Tyme has a beautiful menu bar pill but the app is project-driven — you pick a project, you start a timer. The menu bar is for managing the manual timer. Different product, different design pressure.
Timing has a menu bar element that shows the currently tracked task name with a small live timer. Cleaner than Toggl's, but the panel below is dense and feels like a desktop app squeezed into the dropdown.
Toggl Track has a menu bar item that's mostly a launcher for the dock app. You click it and the dock window pops to front. The menu bar is incidental, not load-bearing.
Apple's own Screen Time doesn't have a menu bar item at all. To see your day, you open System Settings, navigate three levels deep, and read a chart that updates daily.
The thing each of these is missing — at least from our perspective — is the glanceability of the active app. None of them show, in the menu bar itself, "this is the app you're being tracked as, this is how long it's been." That's the first answer the pill should give. We made that the most important thing the pill does.
What the menu bar can't do
I want to name the limits before someone else does.
The menu bar is not where you do deep analysis.
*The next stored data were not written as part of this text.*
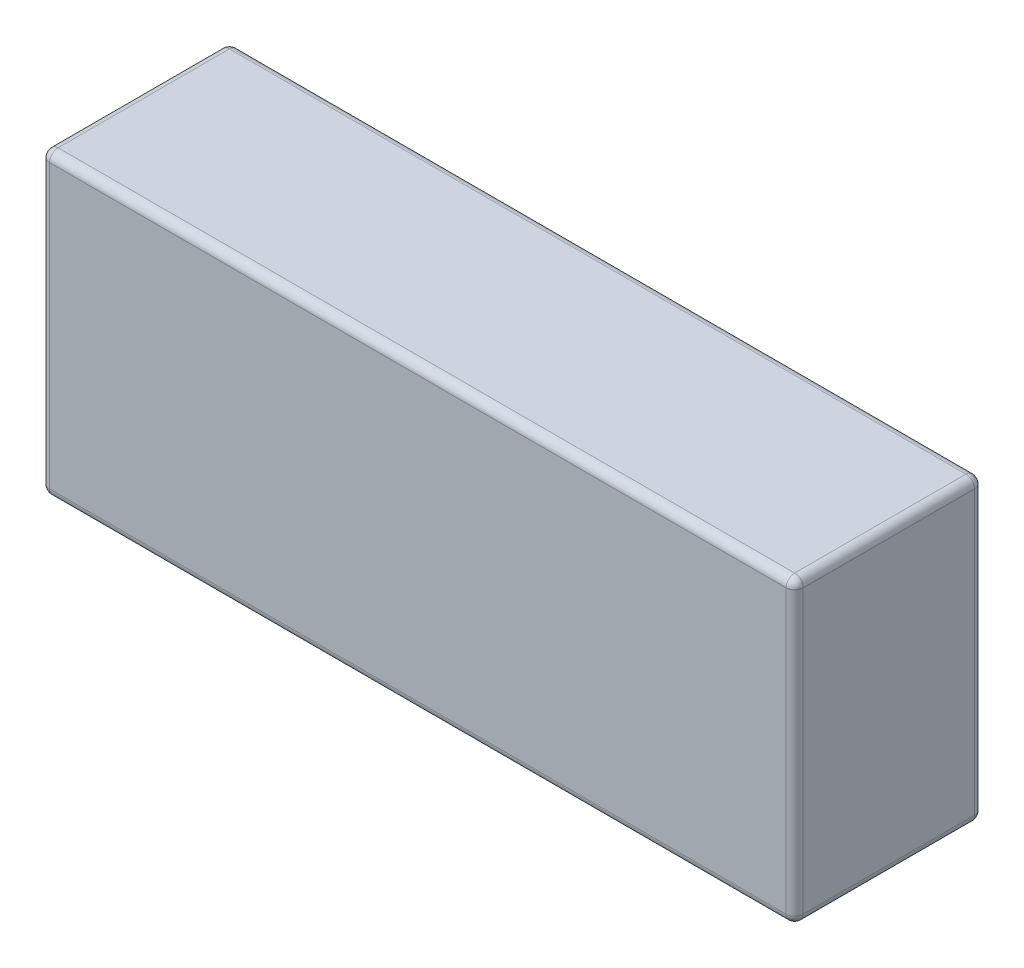
ISO-10303-21;
HEADER;
FILE_DESCRIPTION(('STEP AP214'),'2;1');
FILE_NAME('part.step','',(''),(''),'','','');
FILE_SCHEMA(('AUTOMOTIVE_DESIGN { 1 0 10303 214 1 1 1 1 }'));
ENDSEC;
DATA;
#1=APPLICATION_CONTEXT('core data for automotive mechanical design processes');
#2=APPLICATION_PROTOCOL_DEFINITION('international standard','automotive_design',2000,#1);
#3=PRODUCT_CONTEXT('',#1,'mechanical');
#4=PRODUCT('Part','Part','',(#3));
#5=PRODUCT_RELATED_PRODUCT_CATEGORY('part','',(#4));
#6=PRODUCT_DEFINITION_FORMATION('','',#4);
#7=PRODUCT_DEFINITION_CONTEXT('part definition',#1,'design');
#8=PRODUCT_DEFINITION('design','',#6,#7);
#9=PRODUCT_DEFINITION_SHAPE('','',#8);
#10=(LENGTH_UNIT() NAMED_UNIT(*) SI_UNIT(.MILLI.,.METRE.));
#11=(NAMED_UNIT(*) PLANE_ANGLE_UNIT() SI_UNIT($,.RADIAN.));
#12=(NAMED_UNIT(*) SI_UNIT($,.STERADIAN.) SOLID_ANGLE_UNIT());
#13=UNCERTAINTY_MEASURE_WITH_UNIT(LENGTH_MEASURE(1.E-05),#10,'distance_accuracy_value','');
#14=(GEOMETRIC_REPRESENTATION_CONTEXT(3) GLOBAL_UNCERTAINTY_ASSIGNED_CONTEXT((#13)) GLOBAL_UNIT_ASSIGNED_CONTEXT((#10,
#11,#12)) REPRESENTATION_CONTEXT('',''));
#15=CARTESIAN_POINT('',(0.,0.,0.));
#16=DIRECTION('',(0.,0.,1.));
#17=DIRECTION('',(1.,0.,0.));
#18=AXIS2_PLACEMENT_3D('',#15,#16,#17);
#19=CARTESIAN_POINT('',(44.,35.,11.));
#20=DIRECTION('',(-1.,0.,0.));
#21=DIRECTION('',(0.,0.,1.));
#22=AXIS2_PLACEMENT_3D('',#19,#20,#21);
#23=PLANE('',#22);
#24=DIRECTION('',(0.,-1.,0.));
#25=VECTOR('',#24,1.);
#26=CARTESIAN_POINT('',(44.,35.,-10.));
#27=LINE('',#26,#25);
#28=CARTESIAN_POINT('',(44.,1.,-10.));
#29=VERTEX_POINT('',#28);
#30=CARTESIAN_POINT('',(44.,34.,-10.));
#31=VERTEX_POINT('',#30);
#32=EDGE_CURVE('E134',#29,#31,#27,.F.);
#33=ORIENTED_EDGE('',*,*,#32,.T.);
#34=DIRECTION('',(0.,0.,-1.));
#35=VECTOR('',#34,1.);
#36=CARTESIAN_POINT('',(44.,34.,11.));
#37=LINE('',#36,#35);
#38=CARTESIAN_POINT('',(44.,34.,10.));
#39=VERTEX_POINT('',#38);
#40=EDGE_CURVE('E171',#31,#39,#37,.F.);
#41=ORIENTED_EDGE('',*,*,#40,.T.);
#42=DIRECTION('',(0.,-1.,0.));
#43=VECTOR('',#42,1.);
#44=CARTESIAN_POINT('',(44.,35.,10.));
#45=LINE('',#44,#43);
#46=CARTESIAN_POINT('',(44.,1.,10.));
#47=VERTEX_POINT('',#46);
#48=EDGE_CURVE('E168',#39,#47,#45,.T.);
#49=ORIENTED_EDGE('',*,*,#48,.T.);
#50=DIRECTION('',(0.,0.,-1.));
#51=VECTOR('',#50,1.);
#52=CARTESIAN_POINT('',(44.,1.,-11.));
#53=LINE('',#52,#51);
#54=EDGE_CURVE('E163',#47,#29,#53,.T.);
#55=ORIENTED_EDGE('',*,*,#54,.T.);
#56=EDGE_LOOP('',(#33,#41,#49,#55));
#57=FACE_BOUND('',#56,.T.);
#58=ADVANCED_FACE('F39',(#57),#23,.F.);
#59=CARTESIAN_POINT('',(-44.,35.,-11.));
#60=DIRECTION('',(0.,0.,1.));
#61=DIRECTION('',(1.,0.,0.));
#62=AXIS2_PLACEMENT_3D('',#59,#60,#61);
#63=PLANE('',#62);
#64=DIRECTION('',(0.,-1.,0.));
#65=VECTOR('',#64,1.);
#66=CARTESIAN_POINT('',(-43.,35.,-11.));
#67=LINE('',#66,#65);
#68=CARTESIAN_POINT('',(-43.,1.,-11.));
#69=VERTEX_POINT('',#68);
#70=CARTESIAN_POINT('',(-43.,34.,-11.));
#71=VERTEX_POINT('',#70);
#72=EDGE_CURVE('E156',#69,#71,#67,.F.);
#73=ORIENTED_EDGE('',*,*,#72,.T.);
#74=DIRECTION('',(-1.,0.,0.));
#75=VECTOR('',#74,1.);
#76=CARTESIAN_POINT('',(-44.,34.,-11.));
#77=LINE('',#76,#75);
#78=CARTESIAN_POINT('',(43.,34.,-11.));
#79=VERTEX_POINT('',#78);
#80=EDGE_CURVE('E160',#71,#79,#77,.F.);
#81=ORIENTED_EDGE('',*,*,#80,.T.);
#82=DIRECTION('',(0.,-1.,0.));
#83=VECTOR('',#82,1.);
#84=CARTESIAN_POINT('',(43.,35.,-11.));
#85=LINE('',#84,#83);
#86=CARTESIAN_POINT('',(43.,1.,-11.));
#87=VERTEX_POINT('',#86);
#88=EDGE_CURVE('E132',#79,#87,#85,.T.);
#89=ORIENTED_EDGE('',*,*,#88,.T.);
#90=DIRECTION('',(-1.,0.,0.));
#91=VECTOR('',#90,1.);
#92=CARTESIAN_POINT('',(-44.,1.,-11.));
#93=LINE('',#92,#91);
#94=EDGE_CURVE('E150',#87,#69,#93,.T.);
#95=ORIENTED_EDGE('',*,*,#94,.T.);
#96=EDGE_LOOP('',(#73,#81,#89,#95));
#97=FACE_BOUND('',#96,.T.);
#98=ADVANCED_FACE('F158',(#97),#63,.F.);
#99=CARTESIAN_POINT('',(-44.,35.,11.));
#100=DIRECTION('',(1.,0.,0.));
#101=DIRECTION('',(0.,0.,-1.));
#102=AXIS2_PLACEMENT_3D('',#99,#100,#101);
#103=PLANE('',#102);
#104=DIRECTION('',(0.,-1.,0.));
#105=VECTOR('',#104,1.);
#106=CARTESIAN_POINT('',(-44.,35.,10.));
#107=LINE('',#106,#105);
#108=CARTESIAN_POINT('',(-44.,1.,10.));
#109=VERTEX_POINT('',#108);
#110=CARTESIAN_POINT('',(-44.,34.,10.));
#111=VERTEX_POINT('',#110);
#112=EDGE_CURVE('E175',#109,#111,#107,.F.);
#113=ORIENTED_EDGE('',*,*,#112,.T.);
#114=DIRECTION('',(0.,0.,1.));
#115=VECTOR('',#114,1.);
#116=CARTESIAN_POINT('',(-44.,34.,11.));
#117=LINE('',#116,#115);
#118=CARTESIAN_POINT('',(-44.,34.,-10.));
#119=VERTEX_POINT('',#118);
#120=EDGE_CURVE('E180',#111,#119,#117,.F.);
#121=ORIENTED_EDGE('',*,*,#120,.T.);
#122=DIRECTION('',(0.,-1.,0.));
#123=VECTOR('',#122,1.);
#124=CARTESIAN_POINT('',(-44.,35.,-10.));
#125=LINE('',#124,#123);
#126=CARTESIAN_POINT('',(-44.,1.,-10.));
#127=VERTEX_POINT('',#126);
#128=EDGE_CURVE('E177',#119,#127,#125,.T.);
#129=ORIENTED_EDGE('',*,*,#128,.T.);
#130=DIRECTION('',(0.,0.,1.));
#131=VECTOR('',#130,1.);
#132=CARTESIAN_POINT('',(-44.,1.,11.));
#133=LINE('',#132,#131);
#134=EDGE_CURVE('E173',#127,#109,#133,.T.);
#135=ORIENTED_EDGE('',*,*,#134,.T.);
#136=EDGE_LOOP('',(#113,#121,#129,#135));
#137=FACE_BOUND('',#136,.T.);
#138=ADVANCED_FACE('F285',(#137),#103,.F.);
#139=CARTESIAN_POINT('',(-44.,35.,11.));
#140=DIRECTION('',(0.,0.,-1.));
#141=DIRECTION('',(-1.,0.,0.));
#142=AXIS2_PLACEMENT_3D('',#139,#140,#141);
#143=PLANE('',#142);
#144=DIRECTION('',(0.,-1.,0.));
#145=VECTOR('',#144,1.);
#146=CARTESIAN_POINT('',(43.,35.,11.));
#147=LINE('',#146,#145);
#148=CARTESIAN_POINT('',(43.,1.,11.));
#149=VERTEX_POINT('',#148);
#150=CARTESIAN_POINT('',(43.,34.,11.));
#151=VERTEX_POINT('',#150);
#152=EDGE_CURVE('E184',#149,#151,#147,.F.);
#153=ORIENTED_EDGE('',*,*,#152,.T.);
#154=DIRECTION('',(1.,0.,0.));
#155=VECTOR('',#154,1.);
#156=CARTESIAN_POINT('',(-44.,34.,11.));
#157=LINE('',#156,#155);
#158=CARTESIAN_POINT('',(-43.,34.,11.));
#159=VERTEX_POINT('',#158);
#160=EDGE_CURVE('E189',#151,#159,#157,.F.);
#161=ORIENTED_EDGE('',*,*,#160,.T.);
#162=DIRECTION('',(0.,-1.,0.));
#163=VECTOR('',#162,1.);
#164=CARTESIAN_POINT('',(-43.,35.,11.));
#165=LINE('',#164,#163);
#166=CARTESIAN_POINT('',(-43.,1.,11.));
#167=VERTEX_POINT('',#166);
#168=EDGE_CURVE('E186',#159,#167,#165,.T.);
#169=ORIENTED_EDGE('',*,*,#168,.T.);
#170=DIRECTION('',(1.,0.,0.));
#171=VECTOR('',#170,1.);
#172=CARTESIAN_POINT('',(44.,1.,11.));
#173=LINE('',#172,#171);
#174=EDGE_CURVE('E182',#167,#149,#173,.T.);
#175=ORIENTED_EDGE('',*,*,#174,.T.);
#176=EDGE_LOOP('',(#153,#161,#169,#175));
#177=FACE_BOUND('',#176,.T.);
#178=ADVANCED_FACE('F295',(#177),#143,.F.);
#179=CARTESIAN_POINT('',(0.,35.,0.));
#180=DIRECTION('',(0.,-1.,0.));
#181=DIRECTION('',(0.,0.,-1.));
#182=AXIS2_PLACEMENT_3D('',#179,#180,#181);
#183=PLANE('',#182);
#184=DIRECTION('',(0.,0.,1.));
#185=VECTOR('',#184,1.);
#186=CARTESIAN_POINT('',(-43.,35.,0.));
#187=LINE('',#186,#185);
#188=CARTESIAN_POINT('',(-43.,35.,-10.));
#189=VERTEX_POINT('',#188);
#190=CARTESIAN_POINT('',(-43.,35.,10.));
#191=VERTEX_POINT('',#190);
#192=EDGE_CURVE('E195',#189,#191,#187,.T.);
#193=ORIENTED_EDGE('',*,*,#192,.T.);
#194=DIRECTION('',(1.,0.,0.));
#195=VECTOR('',#194,1.);
#196=CARTESIAN_POINT('',(0.,35.,10.));
#197=LINE('',#196,#195);
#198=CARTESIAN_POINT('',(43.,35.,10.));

The Today view, in a regular window, is where you scrub the timeline, drill into apps, look at the week. The menu bar panel is the quick check. Don't try to replicate the Today view in the dropdown — it will be cramped, the text will be too small, and the chart won't fit. We tried. It didn't work. The dropdown shows summaries. The window shows detail.
The menu bar is also limited by macOS in ways most users don't notice. You can't make the menu bar item taller than the menu bar. You can't have animated content there (well, you can, but the OS will sometimes hide your icon under "more icons" in a small menu bar). You can't show images larger than ~22 pixels tall. Every design decision in the pill happens under these constraints.
The shape that emerged
After a year of iteration, the menu bar tracker shape settled into something simple:
- One pill that names the active app, colors it, and times it
- One panel that summarizes the day in one scroll
- Five buttons to do the five things you'll actually do
- The full Today view in a window, for when you want to look hard
Most of the design work was cutting things that didn't earn their place. The version of Timex that shipped is several rounds of "we don't need this" away from the version that I first sketched. Each removal made the menu bar a tiny bit easier to ignore until you needed it.
That's the test. If you have to learn to use a menu bar app, the design failed. The good ones disappear into the menu bar and only come back when you ask.
Open the pill and see how little it gets in your way.